How a Startup from Krakow Got Mentioned in “The Art of Computer Programming” - mci
https://www.sinterit.com/how-a-startup-from-krakow-got-mentioned-in-the-art-of-computer-programming/
======
svat
Apart from the 2016 Christmas Tree lecture [1] (which is even available in 3D
[2]), Knuth also mentioned this “mysterious package from Poland” during an
earlier (a week earlier) lecture at Brown University [3] (about 25 minutes
in).

I love this talk (he gave roughly the same talk at both places, though one was
more rushed than the other). He goes pretty deep into history — for example
his discussion of Hamiltonian tours (knight's tours etc.) in Sanskrit poetry
is at a level of detail that I have not seen in any other published source in
English. After knowing that he was interested in this topic, I requested a
contemporary Sanskrit poet to write a “knight's tour” Sanskrit poem, and gave
it to Knuth as a gift.
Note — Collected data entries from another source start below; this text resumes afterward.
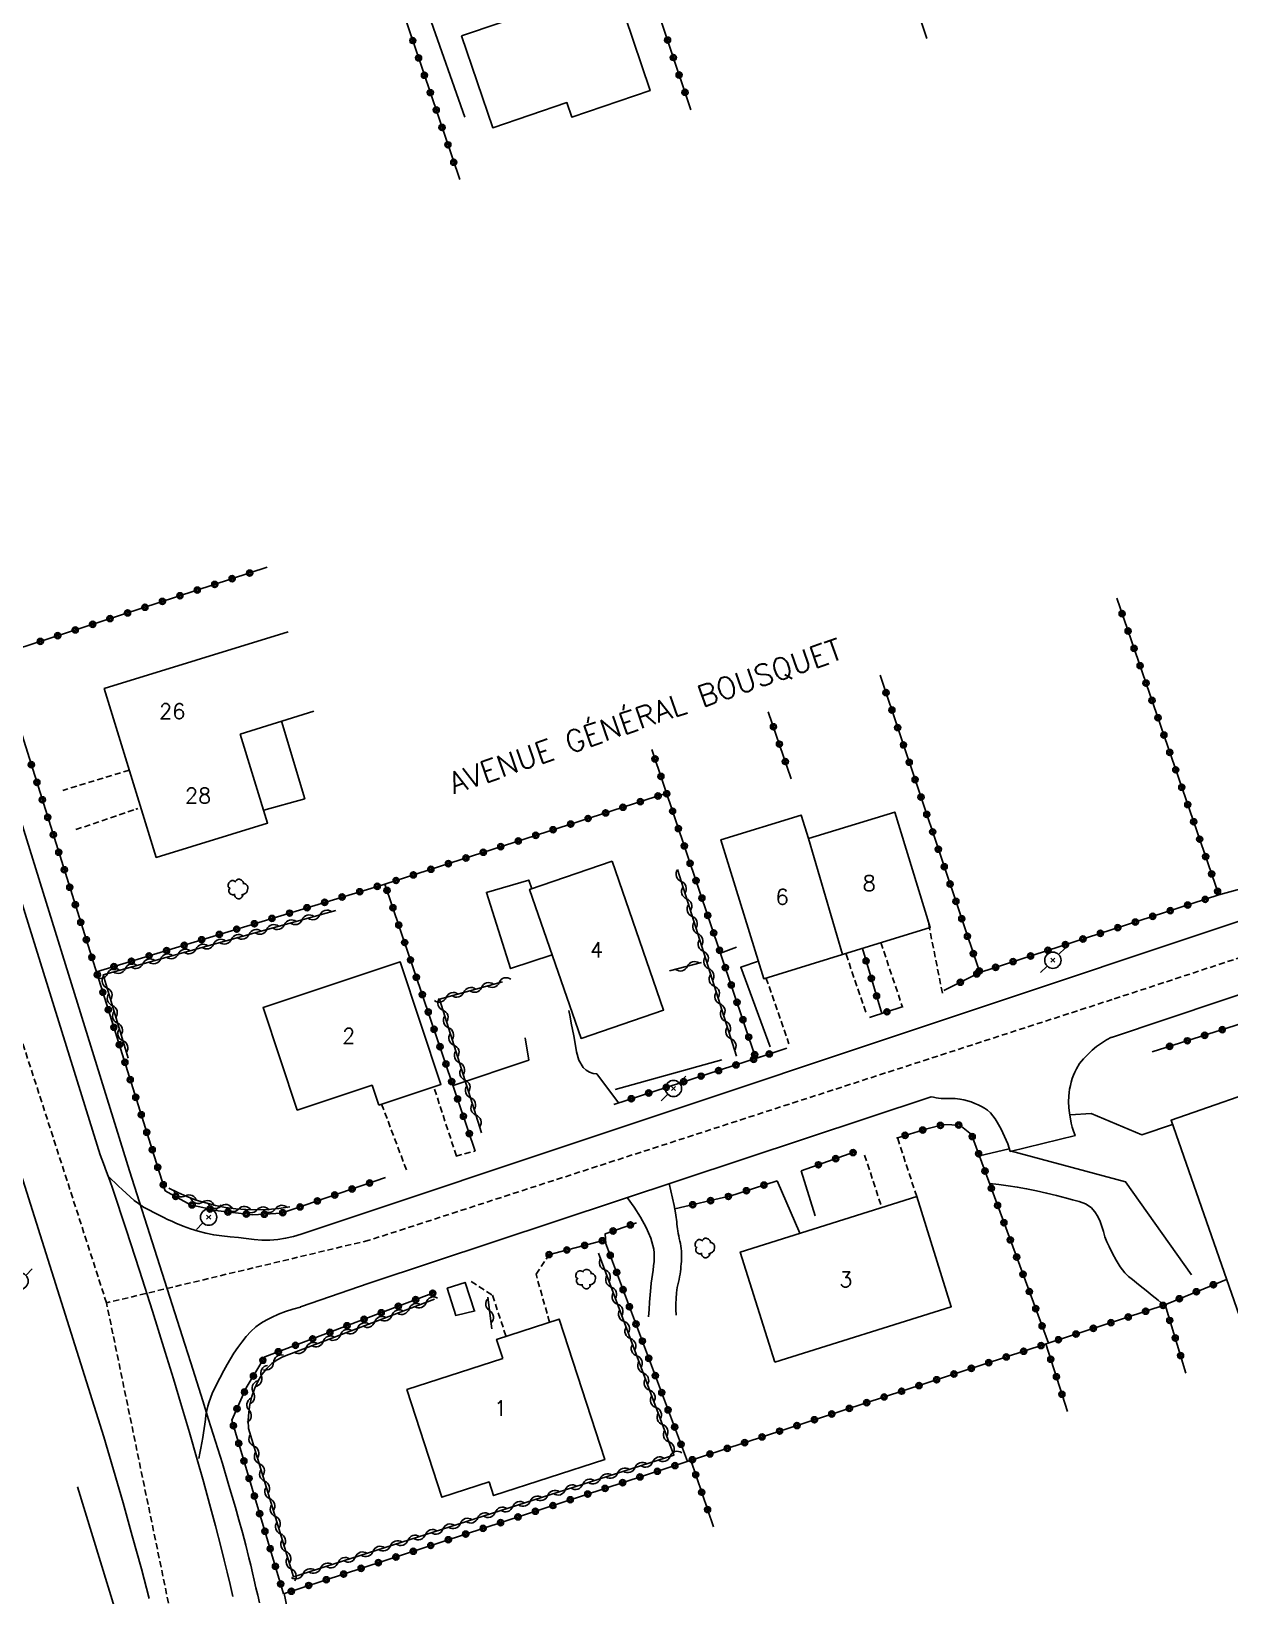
# Model space of a CAD drawing. Header units: millimetres. Extents: x 164000 to 165000, y 151998 to 153000.
# Drawn here: x 164403.9 to 164501.8, y 152279.8 to 152407.7 of the extents above; entities that cross this region are included whole.
import ezdxf
from ezdxf.enums import TextEntityAlignment as Align

# ---------------------------------------------------------------- set-up
doc = ezdxf.new("R2010")
doc.units = ezdxf.units.MM
doc.linetypes.add('DASHED', pattern=[0.75, 0.5, -0.25])
doc.layers.get('0').update_dxf_attribs({"linetype": 'CONTINUOUS'})
for name, color, linetype in [('W0001', 6, 'DASHED'), ('W0008', 7, 'CONTINUOUS'), ('W0014', 7, 'CONTINUOUS'), ('W0017', 7, 'CONTINUOUS'), ('W0051', 7, 'CONTINUOUS'), ('W0101', 7, 'CONTINUOUS'), ('W0104', 1, 'CONTINUOUS'), ('W0105', 7, 'CONTINUOUS'), ('W0112', 1, 'DASHED'), ('W0211', 2, 'CONTINUOUS'), ('W0214', 2, 'CONTINUOUS'), ('W0300', 7, 'CONTINUOUS'), ('W0310', 3, 'CONTINUOUS'), ('W0323', 7, 'CONTINUOUS'), ('W0330', 7, 'CONTINUOUS'), ('W0473', 7, 'CONTINUOUS'), ('W0989', 7, 'CONTINUOUS'), ('W0991', 7, 'CONTINUOUS'), ('W1102', 7, 'CONTINUOUS')]:
    doc.layers.add(name, color=color, linetype=linetype)
doc.styles.get("Standard").update_dxf_attribs({"font": 'romans.shx', "width": 0.85})

# ---------------------------------------------------------------- blocks, each defined once
blk = doc.blocks.new('T473')
for p, q in [((-0.166667, 0.166667), (0.166667, -0.166667)), ((-0.166667, -0.166667), (0.166667, 0.166667)), ((0.500001, 0.500001), (1.000002, 1.000002)), ((-1.000002, -1.000002), (-0.500001, -0.500001))]:
    blk.add_line(p, q)
blk.add_ellipse((0, 0), major_axis=(0.471405, 0.471405), ratio=1, start_param=5.4977871438, end_param=11.780972451)
blk = doc.blocks.new('T300')
for p, q in [((-0.8, 0.51), (-0.86, 0.34)), ((-0.86, 0.34), (-0.86, 0.17)), ((-0.86, 0.17), (-0.74, 0.06)), ((-0.69, 0.63), (-0.8, 0.51)), ((-0.8, -0.06), (-0.74, 0.06)), ((-0.74, 0.06), (-0.69, 0.11)), ((-0.57, 0.69), (-0.69, 0.63)), ((-0.46, 0.69), (-0.57, 0.69)), ((-0.29, 0.63), (-0.46, 0.69)), ((-0.29, 0.63), (-0.17, 0.74)), ((-0.23, 0.57), (-0.29, 0.63)), ((-0.17, 0.74), (-0.06, 0.8)), ((-0.06, 0.8), (0.06, 0.8)), ((0.06, 0.8), (0.23, 0.74)), ((0.23, 0.74), (0.34, 0.63)), ((0.34, 0.63), (0.4, 0.51)), ((0.46, 0.46), (0.34, 0.46)), ((0.4, 0.51), (0.4, 0.46)), ((0.57, 0.4), (0.46, 0.46)), ((0.57, 0.4), (0.69, 0.29)), ((0.69, 0.29), (0.74, 0.17)), ((0.74, 0.06), (0.69, -0.17)), ((0.74, 0.17), (0.74, 0.06)), ((-0.8, -0.17), (-0.8, -0.06)), ((-0.8, -0.23), (-0.8, -0.17)), ((-0.74, -0.34), (-0.8, -0.23)), ((-0.69, -0.4), (-0.74, -0.34)), ((-0.51, -0.46), (-0.69, -0.4)), ((-0.4, -0.46), (-0.51, -0.46)), ((-0.4, -0.46), (-0.34, -0.46)), ((-0.34, -0.46), (-0.34, -0.4)), ((-0.34, -0.51), (-0.34, -0.46)), ((-0.29, -0.63), (-0.34, -0.51)), ((-0.17, -0.74), (-0.29, -0.63)), ((-0.06, -0.8), (-0.17, -0.74)), ((0.06, -0.8), (-0.06, -0.8)), ((0.17, -0.74), (0.06, -0.8)), ((0.23, -0.69), (0.17, -0.74)), ((0.29, -0.46), (0.23, -0.46)), ((0.29, -0.63), (0.23, -0.69)), ((0.46, -0.4), (0.29, -0.46)), ((0.34, -0.51), (0.29, -0.63)), ((0.34, -0.51), (0.34, -0.46)), ((0.57, -0.34), (0.46, -0.4)), ((0.63, -0.29), (0.57, -0.34)), ((0.69, -0.17), (0.63, -0.29))]:
    blk.add_line(p, q)
blk = doc.blocks.new('t323o')
at = {"color": 0, "linetype": 'Continuous'}
for radius in [0.25, 0.15]:
    blk.add_circle((0, 0), radius, dxfattribs=at)
blk = doc.blocks.new('t310o')
at = {"color": 0, "linetype": 'Continuous'}
for centre, start, end in [((-0.5, 0.38), 216.8699, 323.1304), ((0.5, -0.37), 36.8699, 143.1303)]:
    blk.add_arc(centre, 0.625, start, end, dxfattribs=at)

msp = doc.modelspace()

# ---------------------------------------------------------------- linework, layer by layer
at = {"layer": 'W0001'}
for points in [[(164410.03, 152303.73), (164394.25, 152352.67), (164375.81, 152409.15)], [(164550.6, 152347.71), (164492.25, 152328.54), (164431.49, 152308.85), (164410.03, 152303.73)], [(164424.34, 152234.37), (164410.03, 152303.73)]]:
    msp.add_lwpolyline(points, dxfattribs=at)
at = {"layer": 'W0008'}
for points in [[(164391.19, 152351.76), (164409.81, 152292.78)], [(164530.7, 152344.31), (164425.94, 152309.36)], [(164492.19, 152325.44), (164537.2, 152340.54)], [(164489.2, 152317.43), (164489.08, 152317.76), (164488.98, 152318.09), (164488.89, 152318.43), (164488.82, 152318.78), (164488.75, 152319.24), (164488.69, 152319.7), (164488.67, 152320.17), (164488.69, 152320.64), (164488.72, 152320.93), (164488.76, 152321.21), (164488.82, 152321.5), (164488.89, 152321.78), (164488.97, 152322.07), (164489.07, 152322.34), (164489.18, 152322.61), (164489.31, 152322.88), (164489.57, 152323.3), (164489.89, 152323.69), (164490.24, 152324.05), (164490.6, 152324.39), (164490.97, 152324.69), (164491.36, 152324.98), (164491.77, 152325.23), (164492.19, 152325.46)], [(164425.88, 152303.41), (164431.49, 152305.35), (164477.44, 152320.58)], [(164477.44, 152320.58), (164477.64, 152320.54), (164477.84, 152320.5), (164478.05, 152320.47), (164478.25, 152320.45), (164478.44, 152320.43), (164478.64, 152320.43), (164478.83, 152320.43), (164479.02, 152320.43), (164479.21, 152320.43), (164479.4, 152320.43), (164479.6, 152320.42), (164479.79, 152320.39), (164480.1, 152320.33), (164480.41, 152320.25), (164480.71, 152320.16), (164481, 152320.04), (164481.28, 152319.93), (164481.55, 152319.8), (164481.81, 152319.65), (164482.05, 152319.48), (164482.28, 152319.26), (164482.49, 152319.02), (164482.67, 152318.77), (164482.84, 152318.51), (164483.16, 152317.93), (164483.45, 152317.34), (164483.7, 152316.73), (164483.91, 152316.11)], [(164483.91, 152316.11), (164489.23, 152317.43)], [(164425.94, 152309.36), (164425.31, 152309.17), (164424.67, 152309.02), (164424.03, 152308.91), (164423.37, 152308.85), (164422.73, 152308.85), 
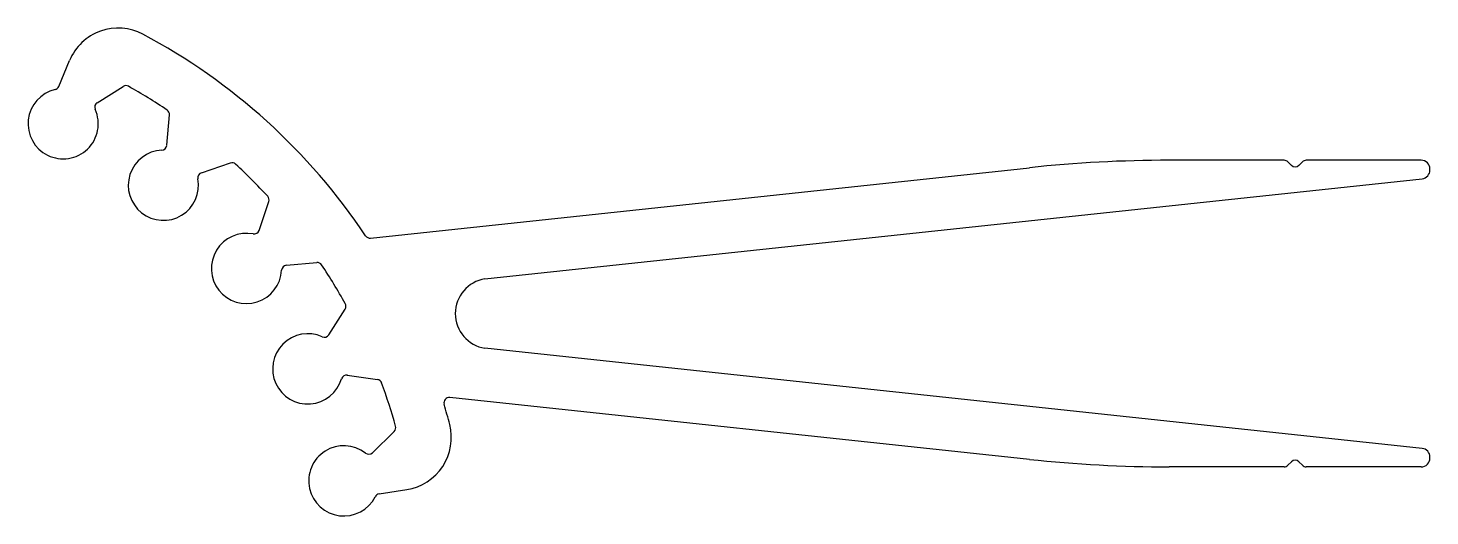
# Model space of a CAD drawing. Extents: x 813.2 to 893.1, y 459.3 to 487.1.
import ezdxf

# ---------------------------------------------------------------- set-up
doc = ezdxf.new("R2010")
doc.units = 0
doc.layers.get('0').update_dxf_attribs({"linetype": 'CONTINUOUS'})

msp = doc.modelspace()

# ---------------------------------------------------------------- linework, layer by layer
for p, q in [((814.979, 483.75), (815.595, 485.228)), ((817.167, 482.826), (818.639, 483.749)), ((821.127, 480.398), (821.281, 482.128)), ((823.102, 478.84), (824.749, 479.392)), ((832.728, 475.119), (870.246, 479.124)), ((884.758, 479.547), (878.207, 479.547)), ((884.97, 479.459), (885.17, 479.259)), ((885.595, 479.259), (885.795, 479.459)), ((892.558, 479.547), (886.007, 479.547)), ((893.058, 478.991), (893.058, 479.047)), ((839.24, 472.797), (892.611, 478.494)), ((826.384, 475.552), (826.939, 477.198)), ((827.939, 473.575), (829.67, 473.726)), ((830.361, 469.61), (831.286, 471.081)), ((892.611, 463.15), (839.24, 468.847)), ((831.41, 467.324), (833.128, 467.066)), ((870.246, 462.521), (837.243, 466.044)), ((832.837, 462.903), (834.08, 464.117)), ((884.97, 462.185), (885.17, 462.385)), ((885.595, 462.385), (885.795, 462.185)), ((893.058, 462.597), (893.058, 462.653)), ((884.758, 462.097), (878.207, 462.097)), ((892.558, 462.097), (886.007, 462.097)), ((833.218, 460.555), (834.801, 460.806))]:
    msp.add_line(p, q)
for centre, radius, start, end in [((818.364, 484.073), 3, 61.98733, 157.36671), ((803.334, 455.822), 35, 33.71724, 61.98733), ((818.798, 483.494), 0.3, 60.80259, 122.06804), ((815.229, 481.627), 2, 103.24735, 24.25948), ((814.702, 483.866), 0.3, 283.24735, 337.36671), ((803.334, 455.822), 32, 56.17019, 60.80259), ((817.326, 482.572), 0.3, 122.06804, 204.25948), ((820.983, 482.155), 0.3, 354.90473, 56.17019), ((820.937, 478.127), 2, 92.7133, 10.72637), ((820.828, 480.424), 0.3, 272.7133, 354.90473), ((824.844, 479.107), 0.3, 47.26949, 108.53494), ((803.334, 455.822), 32, 42.63708, 47.26949), ((878.207, 404.547), 75, 90, 96.09307), ((884.758, 479.247), 0.3, 45, 90), ((885.382, 479.472), 0.3, 225, 315), ((886.007, 479.247), 0.3, 90, 135), ((892.558, 479.047), 0.5, 0, 90), ((892.558, 478.991), 0.5, 276.09307, 0), ((823.197, 478.555), 0.3, 108.53494, 190.72637), ((826.655, 477.294), 0.3, 341.37163, 42.63708), ((825.668, 473.389), 2, 79.18019, 357.19327), ((826.1, 475.648), 0.3, 259.18019, 341.37163), ((832.696, 475.417), 0.3, 213.71724, 276.09307), ((827.965, 473.276), 0.3, 95.00184, 177.19327), ((829.696, 473.427), 0.3, 33.73638, 95.00184), ((803.334, 455.822), 32, 29.10398, 33.73638), ((839.558, 470.822), 2, 99.13852, 260.86148), ((831.032, 471.241), 0.3, 327.83852, 29.10398), ((829.159, 467.675), 2, 65.64709, 343.66017), ((830.107, 469.77), 0.3, 245.64709, 327.83852), ((831.366, 467.028), 0.3, 81.46873, 163.66017), ((833.084, 466.77), 0.3, 20.20328, 81.46873), ((803.334, 455.822), 32, 15.57087, 20.20328), ((837.211, 465.745), 0.3, 83.90693, 196.32658), ((803.334, 455.822), 35, 14.37938, 16.32658), ((833.871, 464.331), 0.3, 314.30542, 15.57087), ((834.332, 463.769), 3, 279, 14.37938), ((831.215, 461.302), 2, 52.11398, 333.01637), ((892.558, 462.653), 0.5, 0, 83.90693), ((832.627, 463.118), 0.3, 232.11398, 314.30542), ((878.207, 537.097), 75, 263.90693, 270), ((885.382, 462.173), 0.3, 45, 135), ((892.558, 462.597), 0.5, 270, 360), ((884.758, 462.397), 0.3, 270, 315), ((886.007, 462.397), 0.3, 225, 270), ((833.265, 460.259), 0.3, 99, 153.01637)]:
    msp.add_arc(centre, radius, start, end)

doc.saveas('drawing.dxf')

He loved it!

[1]:
[https://www.youtube.com/watch?v=DjZB9HvddQk](https://www.youtube.com/watch?v=DjZB9HvddQk)

[2]:
[https://www.youtube.com/watch?v=9DrzK3Z0rg0](https://www.youtube.com/watch?v=9DrzK3Z0rg0)

[3]:
[https://www.youtube.com/watch?v=4UFkH5ZlVqQ](https://www.youtube.com/watch?v=4UFkH5ZlVqQ)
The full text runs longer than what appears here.